Reflective thinking allows nurses to look back on cases and to critically assess each step they take in their processes. This type of thinking also applies to care provision in general. Are there areas within a hospital setting where reflective practice could help to make processes more efficient?
Nurse educators, as mentioned, have a lot of influence and oversight when it comes to how certain wards, units, and hospitals in general are run. That means they can work directly with nurses who develop care plans and timetables and encourage them to reflect on what’s already successful and what might need improvement.
This culture of constant improvement ensures that care standards remain up to code and in line with any changes that patients might expect from their nurses. For example, evolving technology might demand that nurses provide telehealth services alongside in-person care. A nurse educator will help teams look at how this service can support existing processes with a reflective eye.
Reflective practice is all about continuous self-improvement. By instilling this behavior in students and graduates before they start working in hospitals full-time, educators can ensure they have the internal tools needed to bounce back from challenges with refreshed attitudes and positivity.
They provide placement feedback
Nurse educators can also provide ongoing feedback in placement scenarios to support student nurses and their clinics. It’s likely that, even while on placement, student nurses will encounter challenging scenarios with which they might need support. While educators will often remain hands-off to allow nurses to gain experience, they can intervene and provide feedback to allow for reflection.

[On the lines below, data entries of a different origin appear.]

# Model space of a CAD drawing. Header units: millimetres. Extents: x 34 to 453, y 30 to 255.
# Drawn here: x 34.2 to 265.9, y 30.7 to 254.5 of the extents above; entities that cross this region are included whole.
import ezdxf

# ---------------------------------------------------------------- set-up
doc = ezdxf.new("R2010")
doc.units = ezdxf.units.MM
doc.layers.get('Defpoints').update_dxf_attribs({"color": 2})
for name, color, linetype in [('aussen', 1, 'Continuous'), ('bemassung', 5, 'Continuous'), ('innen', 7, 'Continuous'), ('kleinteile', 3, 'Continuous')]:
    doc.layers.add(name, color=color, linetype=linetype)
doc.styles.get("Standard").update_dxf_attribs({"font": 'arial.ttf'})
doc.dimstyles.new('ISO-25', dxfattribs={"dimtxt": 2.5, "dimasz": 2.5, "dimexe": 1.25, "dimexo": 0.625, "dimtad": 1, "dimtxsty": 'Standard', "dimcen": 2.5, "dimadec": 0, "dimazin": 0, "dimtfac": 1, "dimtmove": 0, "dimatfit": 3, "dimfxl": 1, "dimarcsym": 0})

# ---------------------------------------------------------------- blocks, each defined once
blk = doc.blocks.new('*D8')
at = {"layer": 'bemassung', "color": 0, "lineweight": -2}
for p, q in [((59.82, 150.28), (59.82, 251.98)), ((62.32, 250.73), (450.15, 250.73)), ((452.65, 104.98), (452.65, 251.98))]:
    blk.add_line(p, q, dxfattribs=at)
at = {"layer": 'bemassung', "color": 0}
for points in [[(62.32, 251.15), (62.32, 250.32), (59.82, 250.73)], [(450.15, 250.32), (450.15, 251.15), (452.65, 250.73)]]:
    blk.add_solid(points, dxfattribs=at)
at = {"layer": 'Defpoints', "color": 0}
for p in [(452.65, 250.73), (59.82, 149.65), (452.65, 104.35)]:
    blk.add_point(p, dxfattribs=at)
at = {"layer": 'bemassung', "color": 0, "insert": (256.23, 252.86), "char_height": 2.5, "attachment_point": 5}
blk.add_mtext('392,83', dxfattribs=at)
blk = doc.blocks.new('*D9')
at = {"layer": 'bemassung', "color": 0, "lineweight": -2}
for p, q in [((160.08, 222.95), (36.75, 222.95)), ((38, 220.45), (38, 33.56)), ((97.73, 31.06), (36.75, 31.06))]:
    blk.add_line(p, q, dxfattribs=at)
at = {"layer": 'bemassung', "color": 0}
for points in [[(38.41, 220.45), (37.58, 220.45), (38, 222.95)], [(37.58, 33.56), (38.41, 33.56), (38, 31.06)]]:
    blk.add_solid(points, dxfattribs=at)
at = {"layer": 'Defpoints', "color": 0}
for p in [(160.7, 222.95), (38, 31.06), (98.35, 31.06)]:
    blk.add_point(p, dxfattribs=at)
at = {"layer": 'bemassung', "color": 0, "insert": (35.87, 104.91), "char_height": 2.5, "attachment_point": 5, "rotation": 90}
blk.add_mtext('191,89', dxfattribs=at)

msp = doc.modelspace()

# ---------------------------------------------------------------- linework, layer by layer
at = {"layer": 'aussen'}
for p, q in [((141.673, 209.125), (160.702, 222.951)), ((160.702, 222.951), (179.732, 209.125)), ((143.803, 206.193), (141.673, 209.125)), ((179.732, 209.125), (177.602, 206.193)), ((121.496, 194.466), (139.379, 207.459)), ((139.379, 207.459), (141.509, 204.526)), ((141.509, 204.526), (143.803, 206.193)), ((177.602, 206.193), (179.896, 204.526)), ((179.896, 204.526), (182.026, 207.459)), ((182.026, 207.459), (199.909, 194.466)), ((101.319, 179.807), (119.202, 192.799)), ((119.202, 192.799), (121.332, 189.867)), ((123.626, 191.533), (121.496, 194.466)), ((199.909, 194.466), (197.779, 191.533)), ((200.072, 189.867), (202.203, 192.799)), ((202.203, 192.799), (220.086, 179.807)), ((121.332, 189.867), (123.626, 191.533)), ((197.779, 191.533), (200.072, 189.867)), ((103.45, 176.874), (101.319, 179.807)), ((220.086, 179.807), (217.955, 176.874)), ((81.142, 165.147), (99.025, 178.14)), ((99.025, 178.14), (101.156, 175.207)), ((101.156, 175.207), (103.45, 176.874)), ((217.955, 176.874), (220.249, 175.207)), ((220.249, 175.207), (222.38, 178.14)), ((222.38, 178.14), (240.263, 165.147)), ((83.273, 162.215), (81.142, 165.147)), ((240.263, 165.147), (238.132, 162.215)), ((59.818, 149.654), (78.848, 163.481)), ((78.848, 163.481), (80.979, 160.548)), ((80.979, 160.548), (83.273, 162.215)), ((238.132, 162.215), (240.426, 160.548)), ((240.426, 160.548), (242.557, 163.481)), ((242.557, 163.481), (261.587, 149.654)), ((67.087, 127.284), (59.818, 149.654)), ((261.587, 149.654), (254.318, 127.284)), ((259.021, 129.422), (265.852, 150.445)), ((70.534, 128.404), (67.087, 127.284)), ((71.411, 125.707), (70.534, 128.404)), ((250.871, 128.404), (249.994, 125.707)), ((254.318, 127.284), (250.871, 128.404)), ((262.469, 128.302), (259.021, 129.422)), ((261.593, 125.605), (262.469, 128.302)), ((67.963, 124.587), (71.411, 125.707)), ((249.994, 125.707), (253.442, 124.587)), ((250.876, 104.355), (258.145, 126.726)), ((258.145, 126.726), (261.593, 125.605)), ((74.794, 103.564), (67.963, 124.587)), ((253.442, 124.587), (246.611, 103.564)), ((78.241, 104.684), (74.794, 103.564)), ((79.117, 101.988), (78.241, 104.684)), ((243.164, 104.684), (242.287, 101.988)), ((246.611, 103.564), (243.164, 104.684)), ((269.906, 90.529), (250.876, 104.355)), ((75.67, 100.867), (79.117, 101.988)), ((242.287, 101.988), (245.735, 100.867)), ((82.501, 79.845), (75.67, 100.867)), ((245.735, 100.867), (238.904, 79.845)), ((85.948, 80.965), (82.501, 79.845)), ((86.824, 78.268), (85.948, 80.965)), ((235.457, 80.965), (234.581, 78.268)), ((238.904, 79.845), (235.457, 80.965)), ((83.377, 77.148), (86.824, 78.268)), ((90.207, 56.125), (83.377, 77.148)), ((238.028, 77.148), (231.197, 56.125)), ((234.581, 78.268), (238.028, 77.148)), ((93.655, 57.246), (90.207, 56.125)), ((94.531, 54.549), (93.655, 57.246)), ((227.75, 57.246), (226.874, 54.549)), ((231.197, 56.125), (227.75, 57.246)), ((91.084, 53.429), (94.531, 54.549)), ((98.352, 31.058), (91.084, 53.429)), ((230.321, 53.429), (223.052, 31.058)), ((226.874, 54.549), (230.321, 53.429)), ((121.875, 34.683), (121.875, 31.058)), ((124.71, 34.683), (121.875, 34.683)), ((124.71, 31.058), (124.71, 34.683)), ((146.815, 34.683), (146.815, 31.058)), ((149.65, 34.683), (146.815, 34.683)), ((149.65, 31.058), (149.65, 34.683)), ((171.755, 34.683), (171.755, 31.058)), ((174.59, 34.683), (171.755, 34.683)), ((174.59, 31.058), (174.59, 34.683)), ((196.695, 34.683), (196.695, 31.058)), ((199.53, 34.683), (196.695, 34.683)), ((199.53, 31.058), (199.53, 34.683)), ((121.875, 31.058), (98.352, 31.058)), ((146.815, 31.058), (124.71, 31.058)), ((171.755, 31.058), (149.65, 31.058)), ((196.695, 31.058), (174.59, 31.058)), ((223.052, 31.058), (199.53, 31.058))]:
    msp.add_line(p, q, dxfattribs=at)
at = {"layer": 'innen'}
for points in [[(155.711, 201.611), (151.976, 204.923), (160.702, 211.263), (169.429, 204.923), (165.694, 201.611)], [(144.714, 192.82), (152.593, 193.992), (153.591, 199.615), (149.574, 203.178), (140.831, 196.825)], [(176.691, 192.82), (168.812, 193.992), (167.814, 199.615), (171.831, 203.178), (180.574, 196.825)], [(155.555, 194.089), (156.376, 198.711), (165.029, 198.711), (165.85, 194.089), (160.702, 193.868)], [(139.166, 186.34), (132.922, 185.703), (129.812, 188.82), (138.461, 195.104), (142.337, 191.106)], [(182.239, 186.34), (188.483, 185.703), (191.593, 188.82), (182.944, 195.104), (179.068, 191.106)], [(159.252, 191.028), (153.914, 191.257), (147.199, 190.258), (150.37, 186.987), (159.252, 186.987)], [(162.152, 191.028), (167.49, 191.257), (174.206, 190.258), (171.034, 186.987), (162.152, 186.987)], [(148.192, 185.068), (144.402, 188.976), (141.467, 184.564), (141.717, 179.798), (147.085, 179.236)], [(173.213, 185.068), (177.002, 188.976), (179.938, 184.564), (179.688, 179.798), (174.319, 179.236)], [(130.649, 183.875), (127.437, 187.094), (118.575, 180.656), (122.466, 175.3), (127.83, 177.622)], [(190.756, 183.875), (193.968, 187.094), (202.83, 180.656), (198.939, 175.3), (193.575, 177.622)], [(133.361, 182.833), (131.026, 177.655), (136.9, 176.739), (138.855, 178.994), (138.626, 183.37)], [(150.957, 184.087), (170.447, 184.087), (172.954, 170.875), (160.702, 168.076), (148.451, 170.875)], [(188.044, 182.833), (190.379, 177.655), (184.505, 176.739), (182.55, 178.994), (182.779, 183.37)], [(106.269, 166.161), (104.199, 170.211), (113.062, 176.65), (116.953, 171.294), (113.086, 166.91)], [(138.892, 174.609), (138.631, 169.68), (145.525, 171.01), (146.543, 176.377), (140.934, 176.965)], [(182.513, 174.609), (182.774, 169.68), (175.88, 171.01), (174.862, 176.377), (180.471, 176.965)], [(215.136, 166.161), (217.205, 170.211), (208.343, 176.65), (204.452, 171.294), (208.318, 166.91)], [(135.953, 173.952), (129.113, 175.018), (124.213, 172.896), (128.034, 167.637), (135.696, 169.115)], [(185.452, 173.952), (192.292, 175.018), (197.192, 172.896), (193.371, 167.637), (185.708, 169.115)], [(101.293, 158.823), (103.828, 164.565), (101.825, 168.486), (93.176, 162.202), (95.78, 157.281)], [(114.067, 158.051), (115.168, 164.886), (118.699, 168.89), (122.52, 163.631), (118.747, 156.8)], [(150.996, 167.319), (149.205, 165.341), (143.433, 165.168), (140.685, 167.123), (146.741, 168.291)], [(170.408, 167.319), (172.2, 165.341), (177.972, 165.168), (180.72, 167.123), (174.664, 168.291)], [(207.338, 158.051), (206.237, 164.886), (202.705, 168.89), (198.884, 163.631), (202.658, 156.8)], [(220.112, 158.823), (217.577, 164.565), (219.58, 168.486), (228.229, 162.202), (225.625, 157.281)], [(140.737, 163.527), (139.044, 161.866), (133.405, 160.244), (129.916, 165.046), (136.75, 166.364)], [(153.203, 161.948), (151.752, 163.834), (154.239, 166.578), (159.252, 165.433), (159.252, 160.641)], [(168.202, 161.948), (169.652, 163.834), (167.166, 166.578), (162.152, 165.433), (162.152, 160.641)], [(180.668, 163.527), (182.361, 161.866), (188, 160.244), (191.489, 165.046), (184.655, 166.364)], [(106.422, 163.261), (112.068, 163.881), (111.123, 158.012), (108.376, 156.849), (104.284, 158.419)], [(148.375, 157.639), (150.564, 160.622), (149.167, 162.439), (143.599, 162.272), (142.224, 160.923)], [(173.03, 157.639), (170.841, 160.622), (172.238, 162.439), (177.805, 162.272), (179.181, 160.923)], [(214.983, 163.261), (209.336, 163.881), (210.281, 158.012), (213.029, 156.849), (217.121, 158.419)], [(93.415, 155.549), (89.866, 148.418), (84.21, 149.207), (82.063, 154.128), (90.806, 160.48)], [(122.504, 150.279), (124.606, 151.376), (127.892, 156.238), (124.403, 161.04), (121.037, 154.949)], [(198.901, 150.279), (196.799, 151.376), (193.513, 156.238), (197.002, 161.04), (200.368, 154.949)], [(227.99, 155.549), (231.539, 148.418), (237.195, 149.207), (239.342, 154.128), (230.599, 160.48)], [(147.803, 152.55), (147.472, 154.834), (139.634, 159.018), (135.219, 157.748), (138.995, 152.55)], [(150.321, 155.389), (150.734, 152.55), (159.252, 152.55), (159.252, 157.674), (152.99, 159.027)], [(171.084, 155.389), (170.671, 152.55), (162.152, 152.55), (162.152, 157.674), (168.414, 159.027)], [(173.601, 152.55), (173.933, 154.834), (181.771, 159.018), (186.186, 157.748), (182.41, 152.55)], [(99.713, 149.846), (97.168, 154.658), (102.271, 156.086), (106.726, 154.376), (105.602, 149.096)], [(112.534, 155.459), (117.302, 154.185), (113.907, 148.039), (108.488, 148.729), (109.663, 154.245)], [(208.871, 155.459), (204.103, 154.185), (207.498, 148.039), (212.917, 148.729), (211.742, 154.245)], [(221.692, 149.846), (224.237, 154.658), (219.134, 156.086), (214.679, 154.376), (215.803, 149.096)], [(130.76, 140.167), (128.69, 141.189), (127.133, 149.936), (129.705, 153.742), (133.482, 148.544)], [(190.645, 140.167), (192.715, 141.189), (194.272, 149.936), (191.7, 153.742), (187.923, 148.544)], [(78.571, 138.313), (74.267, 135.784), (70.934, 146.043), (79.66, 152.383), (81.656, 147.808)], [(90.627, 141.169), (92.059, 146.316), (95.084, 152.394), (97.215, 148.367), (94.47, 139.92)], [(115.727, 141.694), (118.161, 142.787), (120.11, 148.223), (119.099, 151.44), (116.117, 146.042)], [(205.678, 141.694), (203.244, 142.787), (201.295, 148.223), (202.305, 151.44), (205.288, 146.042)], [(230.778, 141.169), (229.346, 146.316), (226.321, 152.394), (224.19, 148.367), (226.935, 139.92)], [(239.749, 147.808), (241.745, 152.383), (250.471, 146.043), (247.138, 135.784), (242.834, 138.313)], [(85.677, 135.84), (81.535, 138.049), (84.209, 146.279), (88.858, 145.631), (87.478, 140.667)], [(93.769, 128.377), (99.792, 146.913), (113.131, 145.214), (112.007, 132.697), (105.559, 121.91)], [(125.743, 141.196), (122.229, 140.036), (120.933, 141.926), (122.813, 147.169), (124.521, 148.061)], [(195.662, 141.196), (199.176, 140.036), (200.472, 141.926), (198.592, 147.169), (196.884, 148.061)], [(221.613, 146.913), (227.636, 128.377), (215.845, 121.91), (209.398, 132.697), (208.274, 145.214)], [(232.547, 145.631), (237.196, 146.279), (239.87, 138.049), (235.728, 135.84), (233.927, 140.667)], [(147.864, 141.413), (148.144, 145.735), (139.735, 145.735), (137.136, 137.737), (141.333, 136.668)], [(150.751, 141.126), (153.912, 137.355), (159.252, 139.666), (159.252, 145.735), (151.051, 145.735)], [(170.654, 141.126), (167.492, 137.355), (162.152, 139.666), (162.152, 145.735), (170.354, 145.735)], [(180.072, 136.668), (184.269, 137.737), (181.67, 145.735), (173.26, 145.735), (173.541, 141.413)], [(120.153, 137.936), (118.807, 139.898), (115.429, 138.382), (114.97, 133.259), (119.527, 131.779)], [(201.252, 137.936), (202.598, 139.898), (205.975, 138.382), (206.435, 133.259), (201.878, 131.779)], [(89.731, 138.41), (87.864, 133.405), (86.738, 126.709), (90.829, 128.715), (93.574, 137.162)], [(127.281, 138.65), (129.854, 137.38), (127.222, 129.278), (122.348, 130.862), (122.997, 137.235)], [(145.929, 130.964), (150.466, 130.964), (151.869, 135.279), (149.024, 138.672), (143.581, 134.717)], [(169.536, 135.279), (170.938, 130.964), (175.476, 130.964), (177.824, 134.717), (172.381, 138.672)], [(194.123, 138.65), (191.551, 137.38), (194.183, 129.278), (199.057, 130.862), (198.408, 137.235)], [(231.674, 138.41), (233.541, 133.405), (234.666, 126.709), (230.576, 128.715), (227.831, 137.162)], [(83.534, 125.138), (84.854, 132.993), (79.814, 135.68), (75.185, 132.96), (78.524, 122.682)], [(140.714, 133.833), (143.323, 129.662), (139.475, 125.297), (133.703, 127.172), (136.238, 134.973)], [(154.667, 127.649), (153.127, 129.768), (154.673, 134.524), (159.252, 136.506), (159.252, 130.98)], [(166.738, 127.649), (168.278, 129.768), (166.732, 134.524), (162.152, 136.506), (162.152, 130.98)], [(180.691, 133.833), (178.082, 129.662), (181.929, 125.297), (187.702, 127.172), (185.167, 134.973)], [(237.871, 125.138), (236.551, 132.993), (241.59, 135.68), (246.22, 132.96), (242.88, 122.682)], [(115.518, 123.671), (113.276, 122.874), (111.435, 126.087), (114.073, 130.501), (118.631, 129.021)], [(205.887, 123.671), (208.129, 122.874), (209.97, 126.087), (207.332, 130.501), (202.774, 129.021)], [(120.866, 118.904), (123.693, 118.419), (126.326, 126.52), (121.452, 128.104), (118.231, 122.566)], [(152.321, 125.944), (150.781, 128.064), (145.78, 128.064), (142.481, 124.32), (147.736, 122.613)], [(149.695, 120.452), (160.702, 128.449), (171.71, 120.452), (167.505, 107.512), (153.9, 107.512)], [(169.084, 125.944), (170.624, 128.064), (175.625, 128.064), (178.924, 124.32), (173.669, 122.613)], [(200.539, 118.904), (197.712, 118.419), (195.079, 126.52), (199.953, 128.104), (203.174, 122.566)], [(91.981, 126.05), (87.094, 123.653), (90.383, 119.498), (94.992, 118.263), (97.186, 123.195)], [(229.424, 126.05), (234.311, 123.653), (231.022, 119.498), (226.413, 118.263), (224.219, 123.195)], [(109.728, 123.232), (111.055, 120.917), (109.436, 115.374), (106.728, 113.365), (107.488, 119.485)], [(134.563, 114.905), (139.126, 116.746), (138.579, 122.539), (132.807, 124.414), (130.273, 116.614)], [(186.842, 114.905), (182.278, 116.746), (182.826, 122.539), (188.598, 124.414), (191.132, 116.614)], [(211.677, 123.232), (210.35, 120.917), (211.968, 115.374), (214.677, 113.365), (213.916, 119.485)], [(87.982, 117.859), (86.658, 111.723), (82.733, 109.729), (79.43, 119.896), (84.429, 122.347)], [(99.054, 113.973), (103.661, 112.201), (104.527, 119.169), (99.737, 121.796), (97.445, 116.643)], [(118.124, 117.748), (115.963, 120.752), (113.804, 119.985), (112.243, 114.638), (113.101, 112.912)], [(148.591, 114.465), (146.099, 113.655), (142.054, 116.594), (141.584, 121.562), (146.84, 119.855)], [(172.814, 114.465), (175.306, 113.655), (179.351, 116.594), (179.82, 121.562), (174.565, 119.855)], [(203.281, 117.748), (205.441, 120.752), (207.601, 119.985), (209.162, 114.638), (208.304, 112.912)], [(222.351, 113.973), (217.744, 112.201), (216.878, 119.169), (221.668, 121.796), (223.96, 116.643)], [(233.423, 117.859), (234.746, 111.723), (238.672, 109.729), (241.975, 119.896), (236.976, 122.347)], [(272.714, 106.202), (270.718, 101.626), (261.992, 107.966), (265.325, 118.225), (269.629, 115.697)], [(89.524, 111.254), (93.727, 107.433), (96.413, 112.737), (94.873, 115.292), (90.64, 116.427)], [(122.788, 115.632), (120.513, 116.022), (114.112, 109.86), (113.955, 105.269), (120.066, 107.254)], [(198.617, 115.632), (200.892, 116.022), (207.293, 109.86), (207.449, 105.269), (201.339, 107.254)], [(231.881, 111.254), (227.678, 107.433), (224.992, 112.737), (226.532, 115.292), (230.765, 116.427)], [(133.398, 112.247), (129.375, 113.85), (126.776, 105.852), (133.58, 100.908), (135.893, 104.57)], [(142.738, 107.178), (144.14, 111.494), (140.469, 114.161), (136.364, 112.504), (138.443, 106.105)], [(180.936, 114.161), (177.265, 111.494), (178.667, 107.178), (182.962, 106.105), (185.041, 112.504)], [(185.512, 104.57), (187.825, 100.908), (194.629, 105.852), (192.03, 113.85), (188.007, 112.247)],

Nurses won’t have access to their educators forever, but during placements, they remain on-side to offer feedback on how they handle cases. This is hugely important for their ongoing development and for building confidence in a new (albeit temporary) environment. Nurse educators can also feedback to facilities during placements if they feel nurses could benefit from specific support. This could be in the shape of certain types of equipment, staff availability, or even funding.
Educators working with the same placement hospitals over time can therefore help to shape the way they support students and process them throughout their experiences. Doing so can help to support any future students who join said facility, and even help clinics to improve their overall care standards and patient outcomes.
US healthcare needs nurse educators
We’ve made it clear that nurse educators are vital in and out of the classroom—they not only help to prepare nurses for healthcare practice but also hold plenty of influence over the way clinics and hospitals operate. Becoming a nurse educator is just one of several career options for advanced nurses—and for many, it’s one of the most rewarding. Being an educator means you get to inspire tomorrow’s healthcare heroes and advocate on behalf of people and systems in need of funding and support.
Nurse educators might not apply direct knowledge to patient care from day to day, but they work tirelessly behind the scenes to keep curricula updated, their students well-informed, and to help ensure workplaces are supportive of their staff. Educating nurses to think critically and efficiently in challenging scenarios is vital in the ever-changing world of healthcare. Educators are some of the most valued experts working in the healthcare system, and while they might not be able to support all the nurses they teach once they’ve graduated, the skills they teach prove crucial for years of care practice to come.